_INSTRUCTIONS FOR THE TASK_. All lines from the one containing "Top/1(Out1) -> Scope/1" through the last line of the listing below are to be copied exactly. Exclude the pictures.

_MATERIAL FOR THIS TASK_.
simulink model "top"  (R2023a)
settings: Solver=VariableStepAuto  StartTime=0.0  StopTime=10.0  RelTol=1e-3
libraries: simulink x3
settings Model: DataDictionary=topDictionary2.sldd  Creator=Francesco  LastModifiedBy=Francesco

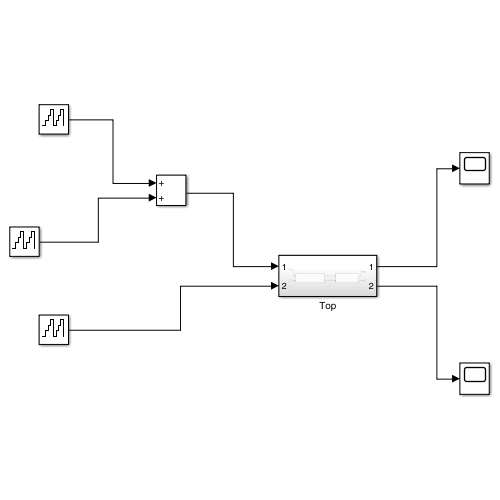
[thumbnail: Simulink's stored preview of the top-level diagram]
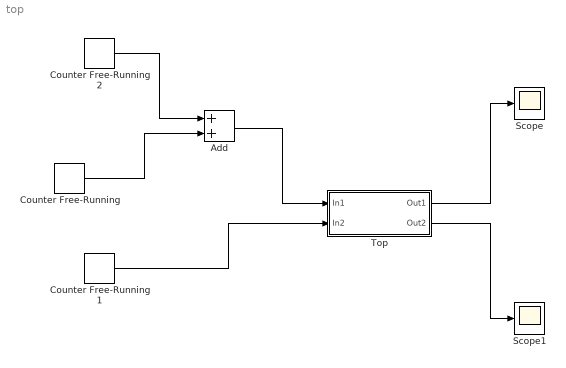
== system top ==
  Add : Sum
  Counter Free-Running : simulink/Sources/Counter Free-Running  NumBits=16  tsamp=-1
  Counter Free-Running1 : simulink/Sources/Counter Free-Running  NumBits=16  tsamp=-1
  Counter Free-Running2 : simulink/Sources/Counter Free-Running  NumBits=16  tsamp=-1
  Scope : Scope
  Scope1 : Scope
  Top : Subsystem
  wires:
  Counter Free-Running1/1 -> Top/2(In2)
  Top/1(Out1) -> Scope/1
  Top/2(Out2) -> Scope1/1
  Counter Free-Running2/1 -> Add/1
  Counter Free-Running/1 -> Add/2
  Add/1 -> Top/1(In1)

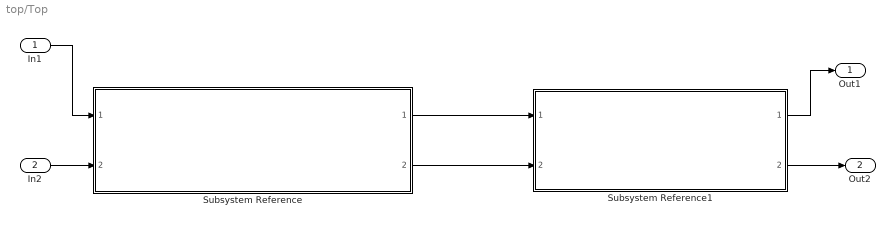
== system top/Top ==
  In1 : Inport
  In2 : Inport  Port=2
  Subsystem Reference : Subsystem  ReferencedSubsystem=modA_subsys
  Subsystem Reference1 : Subsystem  ReferencedSubsystem=modB_sys
  Out1 : Outport
  Out2 : Outport  Port=2
  wires:
  Subsystem Reference/1 -> Subsystem Reference1/1
  Subsystem Reference/2 -> Subsystem Reference1/2
  In1/1 -> Subsystem Reference/1
  In2/1 -> Subsystem Reference/2
  Subsystem Reference1/1 -> Out1/1
  Subsystem Reference1/2 -> Out2/1

_WORKED SOLUTION_.
  Top/1(Out1) -> Scope/1
  Top/2(Out2) -> Scope1/1
  Counter Free-Running2/1 -> Add/1
  Counter Free-Running/1 -> Add/2
  Add/1 -> Top/1(In1)

== system top/Top ==
  In1 : Inport
  In2 : Inport  Port=2
  Subsystem Reference : Subsystem  ReferencedSubsystem=modA_subsys
  Subsystem Reference1 : Subsystem  ReferencedSubsystem=modB_sys
  Out1 : Outport
  Out2 : Outport  Port=2
  wires:
  Subsystem Reference/1 -> Subsystem Reference1/1
  Subsystem Reference/2 -> Subsystem Reference1/2
  In1/1 -> Subsystem Reference/1
  In2/1 -> Subsystem Reference/2
  Subsystem Reference1/1 -> Out1/1
  Subsystem Reference1/2 -> Out2/1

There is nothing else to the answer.